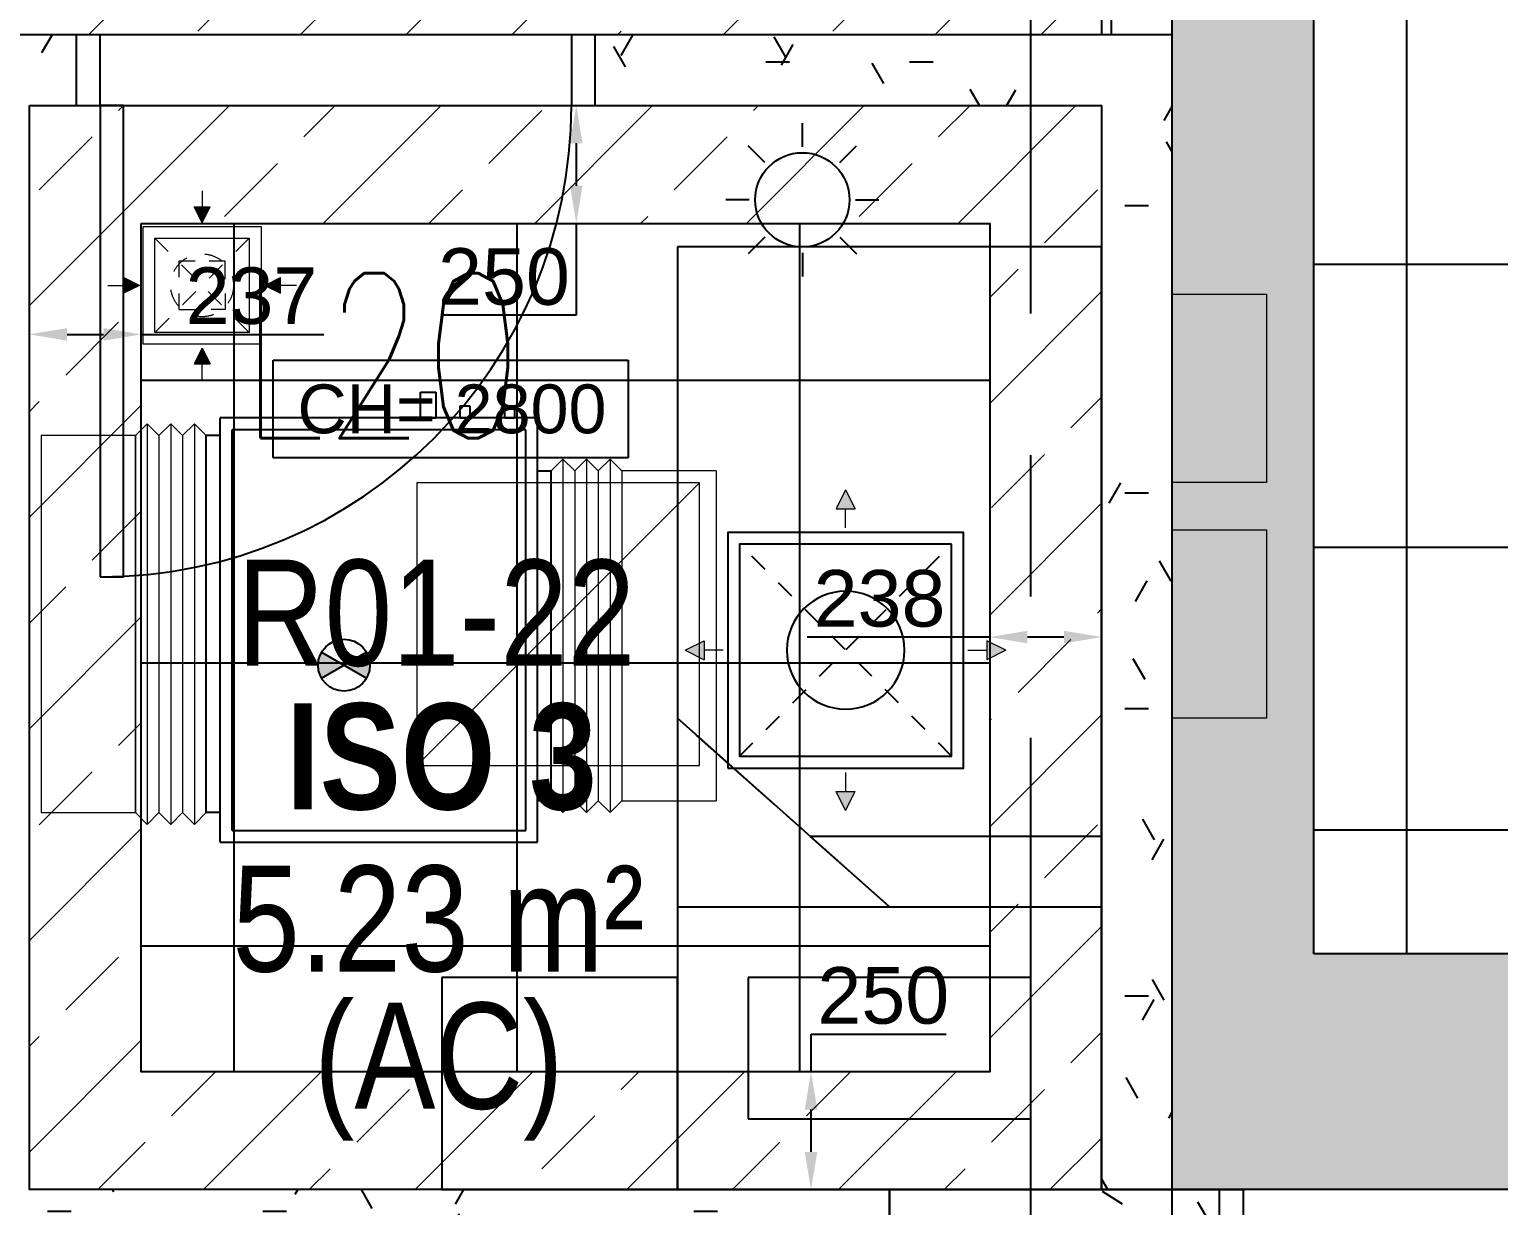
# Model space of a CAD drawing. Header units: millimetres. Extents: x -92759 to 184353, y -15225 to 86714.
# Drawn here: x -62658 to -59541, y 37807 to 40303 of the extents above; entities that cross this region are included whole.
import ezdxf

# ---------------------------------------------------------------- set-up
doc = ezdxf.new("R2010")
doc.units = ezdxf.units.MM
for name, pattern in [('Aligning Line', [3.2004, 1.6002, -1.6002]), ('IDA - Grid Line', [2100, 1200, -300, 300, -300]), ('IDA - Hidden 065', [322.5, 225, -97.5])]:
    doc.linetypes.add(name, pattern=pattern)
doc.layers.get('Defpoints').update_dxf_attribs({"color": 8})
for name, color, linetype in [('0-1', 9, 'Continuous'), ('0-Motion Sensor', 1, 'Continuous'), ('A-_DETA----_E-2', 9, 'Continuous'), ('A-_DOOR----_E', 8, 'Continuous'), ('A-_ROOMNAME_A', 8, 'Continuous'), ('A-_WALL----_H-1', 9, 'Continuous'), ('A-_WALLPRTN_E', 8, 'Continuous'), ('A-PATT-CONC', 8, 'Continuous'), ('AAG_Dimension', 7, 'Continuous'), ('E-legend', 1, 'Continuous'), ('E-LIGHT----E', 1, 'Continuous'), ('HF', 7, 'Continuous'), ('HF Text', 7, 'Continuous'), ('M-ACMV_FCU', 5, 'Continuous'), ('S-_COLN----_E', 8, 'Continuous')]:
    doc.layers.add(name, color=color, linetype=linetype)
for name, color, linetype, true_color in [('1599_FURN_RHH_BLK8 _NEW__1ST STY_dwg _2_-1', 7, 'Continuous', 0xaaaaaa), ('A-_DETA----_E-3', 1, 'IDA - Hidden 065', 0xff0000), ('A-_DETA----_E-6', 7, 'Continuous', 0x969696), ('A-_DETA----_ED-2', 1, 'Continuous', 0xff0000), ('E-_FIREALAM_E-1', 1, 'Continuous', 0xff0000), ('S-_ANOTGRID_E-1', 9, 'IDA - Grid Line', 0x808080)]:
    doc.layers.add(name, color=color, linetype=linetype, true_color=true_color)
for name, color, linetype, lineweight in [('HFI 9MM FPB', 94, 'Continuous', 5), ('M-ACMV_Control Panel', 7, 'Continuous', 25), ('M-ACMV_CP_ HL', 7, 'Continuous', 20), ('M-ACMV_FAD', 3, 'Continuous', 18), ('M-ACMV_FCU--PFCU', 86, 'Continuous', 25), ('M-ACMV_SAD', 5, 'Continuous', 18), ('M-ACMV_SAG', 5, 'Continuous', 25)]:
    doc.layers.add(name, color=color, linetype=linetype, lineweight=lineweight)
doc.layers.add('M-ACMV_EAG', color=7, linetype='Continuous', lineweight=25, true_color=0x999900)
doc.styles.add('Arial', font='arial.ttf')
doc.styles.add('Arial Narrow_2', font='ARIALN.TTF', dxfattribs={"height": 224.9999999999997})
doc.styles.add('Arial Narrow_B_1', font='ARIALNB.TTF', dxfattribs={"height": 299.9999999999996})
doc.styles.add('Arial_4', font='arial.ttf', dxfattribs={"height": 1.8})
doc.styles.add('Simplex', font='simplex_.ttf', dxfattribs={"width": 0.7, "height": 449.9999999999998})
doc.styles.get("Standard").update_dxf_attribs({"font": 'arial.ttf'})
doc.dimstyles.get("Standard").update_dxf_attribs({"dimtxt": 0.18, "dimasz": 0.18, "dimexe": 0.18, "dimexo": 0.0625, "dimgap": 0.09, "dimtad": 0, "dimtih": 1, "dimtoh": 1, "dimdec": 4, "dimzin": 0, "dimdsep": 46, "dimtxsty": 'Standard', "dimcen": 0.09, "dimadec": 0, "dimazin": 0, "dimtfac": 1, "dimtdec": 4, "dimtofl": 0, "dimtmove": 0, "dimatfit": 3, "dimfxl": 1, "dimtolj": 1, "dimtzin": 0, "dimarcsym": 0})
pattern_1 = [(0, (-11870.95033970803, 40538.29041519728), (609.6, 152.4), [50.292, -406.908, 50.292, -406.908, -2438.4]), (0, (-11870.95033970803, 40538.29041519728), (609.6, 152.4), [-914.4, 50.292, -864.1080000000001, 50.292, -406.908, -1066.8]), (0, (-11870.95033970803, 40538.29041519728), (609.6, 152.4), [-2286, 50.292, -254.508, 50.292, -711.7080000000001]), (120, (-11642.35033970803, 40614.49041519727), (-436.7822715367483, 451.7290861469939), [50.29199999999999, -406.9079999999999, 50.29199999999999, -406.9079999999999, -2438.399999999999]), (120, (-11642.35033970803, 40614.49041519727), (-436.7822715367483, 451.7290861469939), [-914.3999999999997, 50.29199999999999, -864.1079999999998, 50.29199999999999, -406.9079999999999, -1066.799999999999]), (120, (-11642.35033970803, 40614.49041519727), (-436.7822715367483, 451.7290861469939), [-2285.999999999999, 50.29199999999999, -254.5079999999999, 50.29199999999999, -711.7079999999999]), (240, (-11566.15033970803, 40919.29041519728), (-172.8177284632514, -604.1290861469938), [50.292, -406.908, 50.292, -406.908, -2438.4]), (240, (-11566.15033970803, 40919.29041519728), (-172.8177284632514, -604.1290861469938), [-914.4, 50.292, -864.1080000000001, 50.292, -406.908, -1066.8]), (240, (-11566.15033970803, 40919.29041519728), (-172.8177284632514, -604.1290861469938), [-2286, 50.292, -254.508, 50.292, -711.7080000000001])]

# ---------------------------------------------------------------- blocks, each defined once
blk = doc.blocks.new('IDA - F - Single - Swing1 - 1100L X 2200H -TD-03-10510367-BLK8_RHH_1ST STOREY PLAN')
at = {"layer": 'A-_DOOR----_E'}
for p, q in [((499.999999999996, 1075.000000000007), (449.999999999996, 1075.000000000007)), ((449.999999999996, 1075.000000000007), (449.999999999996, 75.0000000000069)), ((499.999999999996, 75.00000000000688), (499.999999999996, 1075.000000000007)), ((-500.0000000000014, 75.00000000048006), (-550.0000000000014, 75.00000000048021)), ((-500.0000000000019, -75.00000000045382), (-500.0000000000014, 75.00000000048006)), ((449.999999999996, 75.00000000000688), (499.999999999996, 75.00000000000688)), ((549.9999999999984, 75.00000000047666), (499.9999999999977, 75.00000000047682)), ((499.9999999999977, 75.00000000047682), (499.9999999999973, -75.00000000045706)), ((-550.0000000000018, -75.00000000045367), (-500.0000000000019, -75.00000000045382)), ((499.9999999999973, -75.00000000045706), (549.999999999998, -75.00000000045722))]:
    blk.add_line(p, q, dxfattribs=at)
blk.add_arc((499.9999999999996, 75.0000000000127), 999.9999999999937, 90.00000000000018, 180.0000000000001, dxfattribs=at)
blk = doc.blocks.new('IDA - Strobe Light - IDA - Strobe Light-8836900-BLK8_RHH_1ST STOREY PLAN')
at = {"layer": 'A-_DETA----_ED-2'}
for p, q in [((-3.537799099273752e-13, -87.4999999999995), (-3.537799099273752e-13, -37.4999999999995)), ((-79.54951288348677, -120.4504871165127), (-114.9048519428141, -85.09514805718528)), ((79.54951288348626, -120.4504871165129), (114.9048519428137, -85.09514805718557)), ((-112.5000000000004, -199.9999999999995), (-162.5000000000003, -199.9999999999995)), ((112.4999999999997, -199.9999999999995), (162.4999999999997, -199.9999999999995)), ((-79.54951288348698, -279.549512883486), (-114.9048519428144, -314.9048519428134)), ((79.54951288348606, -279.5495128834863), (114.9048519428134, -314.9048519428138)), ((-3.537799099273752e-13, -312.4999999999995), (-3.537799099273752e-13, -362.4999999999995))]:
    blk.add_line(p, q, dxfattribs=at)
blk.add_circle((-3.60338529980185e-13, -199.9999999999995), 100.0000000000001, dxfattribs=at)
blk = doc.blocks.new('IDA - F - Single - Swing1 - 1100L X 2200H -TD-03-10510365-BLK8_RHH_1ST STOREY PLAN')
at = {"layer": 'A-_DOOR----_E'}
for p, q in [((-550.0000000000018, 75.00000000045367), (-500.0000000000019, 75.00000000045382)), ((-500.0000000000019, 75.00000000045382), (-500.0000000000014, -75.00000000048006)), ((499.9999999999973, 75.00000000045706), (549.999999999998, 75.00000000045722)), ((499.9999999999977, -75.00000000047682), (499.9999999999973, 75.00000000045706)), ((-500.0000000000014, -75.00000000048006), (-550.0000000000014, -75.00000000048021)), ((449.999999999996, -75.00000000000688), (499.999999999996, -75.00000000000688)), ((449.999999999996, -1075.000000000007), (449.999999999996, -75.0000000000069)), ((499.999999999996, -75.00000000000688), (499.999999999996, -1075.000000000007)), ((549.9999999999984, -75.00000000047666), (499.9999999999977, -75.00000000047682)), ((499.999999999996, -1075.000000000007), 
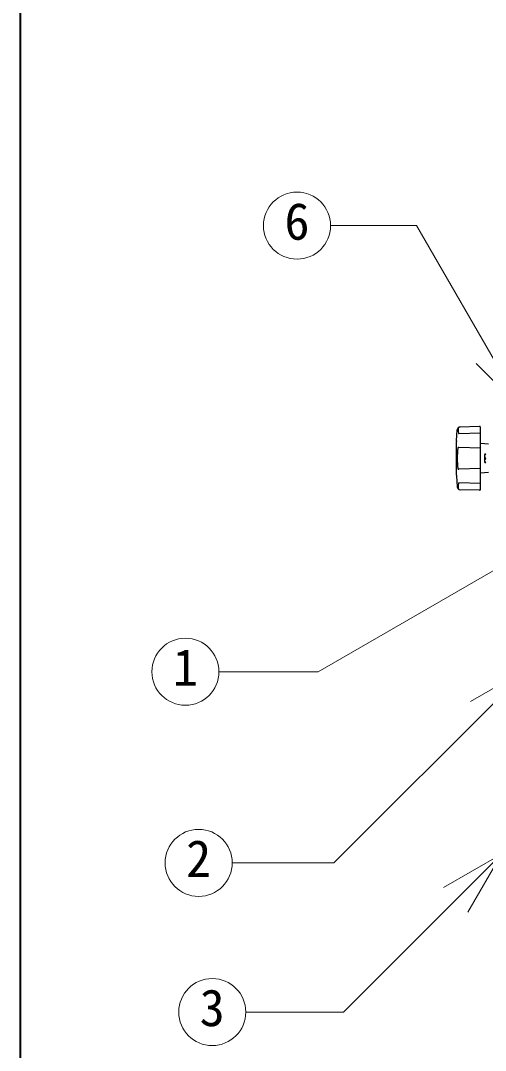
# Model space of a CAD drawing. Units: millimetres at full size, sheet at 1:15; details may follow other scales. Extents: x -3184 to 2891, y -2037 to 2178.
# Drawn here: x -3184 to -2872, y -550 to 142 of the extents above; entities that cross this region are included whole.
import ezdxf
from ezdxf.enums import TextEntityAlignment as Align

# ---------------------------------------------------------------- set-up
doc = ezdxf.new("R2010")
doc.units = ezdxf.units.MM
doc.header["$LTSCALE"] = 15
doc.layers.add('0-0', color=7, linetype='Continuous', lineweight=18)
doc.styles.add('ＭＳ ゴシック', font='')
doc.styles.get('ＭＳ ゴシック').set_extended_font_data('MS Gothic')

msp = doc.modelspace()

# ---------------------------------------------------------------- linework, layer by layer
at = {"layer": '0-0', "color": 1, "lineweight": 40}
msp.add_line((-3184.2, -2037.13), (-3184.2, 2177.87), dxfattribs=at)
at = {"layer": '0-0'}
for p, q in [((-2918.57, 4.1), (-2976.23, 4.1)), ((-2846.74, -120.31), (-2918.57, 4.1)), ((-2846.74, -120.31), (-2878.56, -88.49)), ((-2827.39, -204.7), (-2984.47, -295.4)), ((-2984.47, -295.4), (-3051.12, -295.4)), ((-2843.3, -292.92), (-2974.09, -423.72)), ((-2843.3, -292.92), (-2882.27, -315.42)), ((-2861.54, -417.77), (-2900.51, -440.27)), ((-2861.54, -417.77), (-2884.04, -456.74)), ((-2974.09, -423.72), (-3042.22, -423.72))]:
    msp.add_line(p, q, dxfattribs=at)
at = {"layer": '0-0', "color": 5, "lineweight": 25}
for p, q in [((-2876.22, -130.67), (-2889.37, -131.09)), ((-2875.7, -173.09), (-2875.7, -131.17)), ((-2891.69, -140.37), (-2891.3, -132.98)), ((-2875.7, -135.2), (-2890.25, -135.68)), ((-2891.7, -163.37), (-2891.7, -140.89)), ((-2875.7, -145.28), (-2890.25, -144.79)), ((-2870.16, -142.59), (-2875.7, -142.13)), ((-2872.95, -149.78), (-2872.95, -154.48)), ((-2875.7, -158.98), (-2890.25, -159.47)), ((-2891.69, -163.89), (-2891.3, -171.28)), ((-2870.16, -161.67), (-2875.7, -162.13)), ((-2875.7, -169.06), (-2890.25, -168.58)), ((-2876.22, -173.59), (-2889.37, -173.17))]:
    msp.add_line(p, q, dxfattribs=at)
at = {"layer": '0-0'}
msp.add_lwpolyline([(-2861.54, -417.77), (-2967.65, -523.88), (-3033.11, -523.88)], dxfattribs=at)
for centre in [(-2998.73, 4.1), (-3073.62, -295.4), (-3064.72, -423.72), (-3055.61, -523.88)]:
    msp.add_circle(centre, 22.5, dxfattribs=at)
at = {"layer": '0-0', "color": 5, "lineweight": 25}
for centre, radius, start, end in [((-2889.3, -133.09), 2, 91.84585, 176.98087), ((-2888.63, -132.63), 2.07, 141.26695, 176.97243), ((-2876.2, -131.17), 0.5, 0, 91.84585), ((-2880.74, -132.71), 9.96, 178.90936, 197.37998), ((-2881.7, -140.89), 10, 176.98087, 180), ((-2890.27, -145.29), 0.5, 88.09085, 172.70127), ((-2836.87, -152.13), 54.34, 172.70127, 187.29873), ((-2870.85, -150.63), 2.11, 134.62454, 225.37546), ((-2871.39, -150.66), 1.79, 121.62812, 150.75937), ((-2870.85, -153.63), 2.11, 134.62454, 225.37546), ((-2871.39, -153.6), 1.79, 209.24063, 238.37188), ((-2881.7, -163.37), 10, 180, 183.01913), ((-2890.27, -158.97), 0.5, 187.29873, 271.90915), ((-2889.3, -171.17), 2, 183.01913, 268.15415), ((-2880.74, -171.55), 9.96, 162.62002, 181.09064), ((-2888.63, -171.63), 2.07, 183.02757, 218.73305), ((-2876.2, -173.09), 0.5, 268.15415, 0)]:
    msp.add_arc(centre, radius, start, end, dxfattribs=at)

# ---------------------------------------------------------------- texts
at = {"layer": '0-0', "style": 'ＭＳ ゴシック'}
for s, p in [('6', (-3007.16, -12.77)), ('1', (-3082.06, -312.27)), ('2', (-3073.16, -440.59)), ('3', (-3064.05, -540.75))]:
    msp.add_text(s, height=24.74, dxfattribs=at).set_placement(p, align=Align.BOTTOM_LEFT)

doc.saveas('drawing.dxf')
──────────
## Assignment
Look over the entries above and tally the lines containing the string "here"; the answer is that total only.

## Answer to this problem
2